Pan Sławomir Nowak nawoływał do wrzucenia na luz, określając wypowiedzi autorytetów PO jako ‘kontrowersyjne”. Wypowiedzi Andrzeja Wajdy i Marka Majewskiego trudno nazwać kontrowersyjnymi. Kwalifikują się po prostu do sądu za publiczne oszczerstwo i naruszanie dóbr osobistych, bo jak inaczej ocenić obraźliwe teksty satyryka o „psychopacie” i publicznym kłamstwie reżysera na temat rzekomego kazania księdza, którego nie było? Czy Andrzej Wajda odniesie się do oświadczenia kurii przemyskiej w tej sprawie? Nie sądzę. Ponieważ wszystko wskazuje na to, że ponad fakty, autorytety cenią bardziej swoje rozbuchane do granic przyzwoitości emocje. "Więcej luzu" panie Jarosławie! "Wiecej luzu" kurio przemyska!

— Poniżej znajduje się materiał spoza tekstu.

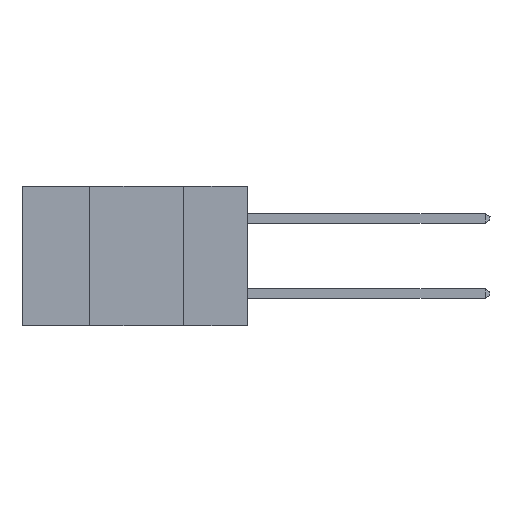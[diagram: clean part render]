
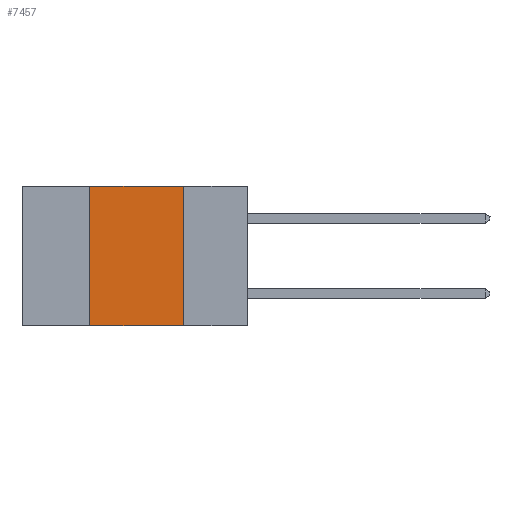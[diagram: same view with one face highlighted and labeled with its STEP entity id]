
A CAD part, left-side view. The second image highlights one B-rep face of the part: STEP entity #7457.
In plain terms, the highlighted planar face has unit normal (-1, 0, 0).
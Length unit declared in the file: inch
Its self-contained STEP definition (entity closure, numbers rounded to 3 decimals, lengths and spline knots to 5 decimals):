
#101 = AXIS2_PLACEMENT_3D ( 'NONE', #11494, #21674, #19981 ) ;
#438 = CARTESIAN_POINT ( 'NONE',  ( 0., 0.17, 0. ) ) ;
#1100 = LINE ( 'NONE', #4126, #12407 ) ;
#1864 = EDGE_CURVE ( 'NONE', #18048, #17075, #9514, .T. ) ;
#1980 = CARTESIAN_POINT ( 'NONE',  ( 0., 0.6, -0.37 ) ) ;
#2754 = CARTESIAN_POINT ( 'NONE',  ( 0., 0.42, 0. ) ) ;
#3656 = LINE ( 'NONE', #1980, #4229 ) ;
#3949 = ORIENTED_EDGE ( 'NONE', *, *, #17112, .F. ) ;
#4126 = CARTESIAN_POINT ( 'NONE',  ( 0., 0.17, -0.37 ) ) ;
#4229 = VECTOR ( 'NONE', #13560, 39.37008 ) ;
#4437 = LINE ( 'NONE', #11219, #6017 ) ;
#4516 = DIRECTION ( 'NONE',  ( 0., 0., 1. ) ) ;
#5463 = ORIENTED_EDGE ( 'NONE', *, *, #1864, .F. ) ;
#6007 = EDGE_LOOP ( 'NONE', ( #10416, #3949, #5463, #12357 ) ) ;
#6017 = VECTOR ( 'NONE', #9327, 39.37008 ) ;
#7457 = ADVANCED_FACE ( 'NONE', ( #10039 ), #13283, .F. ) ;
#9327 = DIRECTION ( 'NONE',  ( 0., -1., 0. ) ) ;
#9514 = LINE ( 'NONE', #19777, #11380 ) ;
#10039 = FACE_OUTER_BOUND ( 'NONE', #6007, .T. ) ;
#10416 = ORIENTED_EDGE ( 'NONE', *, *, #16694, .F. ) ;
#10882 = VERTEX_POINT ( 'NONE', #438 ) ;
#11219 = CARTESIAN_POINT ( 'NONE',  ( 0., 0.6, 0. ) ) ;
#11380 = VECTOR ( 'NONE', #4516, 39.37008 ) ;
#11494 = CARTESIAN_POINT ( 'NONE',  ( 0., 0.6, 0. ) ) ;
#12357 = ORIENTED_EDGE ( 'NONE', *, *, #20001, .T. ) ;
#12407 = VECTOR ( 'NONE', #16019, 39.37008 ) ;
#13151 = VERTEX_POINT ( 'NONE', #21235 ) ;
#13283 = PLANE ( 'NONE',  #101 ) ;
#13560 = DIRECTION ( 'NONE',  ( 0., -1., 0. ) ) ;
#16019 = DIRECTION ( 'NONE',  ( 0., 0., -1. ) ) ;
#16694 = EDGE_CURVE ( 'NONE', #10882, #13151, #1100, .T. ) ;
#17075 = VERTEX_POINT ( 'NONE', #2754 ) ;
#17112 = EDGE_CURVE ( 'NONE', #17075, #10882, #4437, .T. ) ;
#18048 = VERTEX_POINT ( 'NONE', #21335 ) ;
#19777 = CARTESIAN_POINT ( 'NONE',  ( 0., 0.42, -0.37 ) ) ;
#19981 = DIRECTION ( 'NONE',  ( 0., 0., -1. ) ) ;
#20001 = EDGE_CURVE ( 'NONE', #18048, #13151, #3656, .T. ) ;
#21235 = CARTESIAN_POINT ( 'NONE',  ( 0., 0.17, -0.37 ) ) ;
#21335 = CARTESIAN_POINT ( 'NONE',  ( 0., 0.42, -0.37 ) ) ;
#21674 = DIRECTION ( 'NONE',  ( 1., 0., 0. ) ) ;

Szkoda klawiatury dla ludzi, którzy swoim dorobkiem artystycznym czy wieloletnim więzieniem chcą usprawiedliwić zachowanie, które nie przystoi zwykłemu człowiekowi. Autor słów „warto być przyzwoitym” już wielokrotnie udowodnił, że nie potrafi sprostać tej prostej zasadzie. Swoimi wypowiedziami panowie Bartoszewski, Wajda, Majewski, a wcześniej Kutz i Niesiołowski stawiają się w jednym szeregu z Januszem Palikotem, filozofem Platformy Obywatelskiej. Chciałoby się powiedzieć, jaka partia, taki filozof. Jaka filozofia, taka retoryka.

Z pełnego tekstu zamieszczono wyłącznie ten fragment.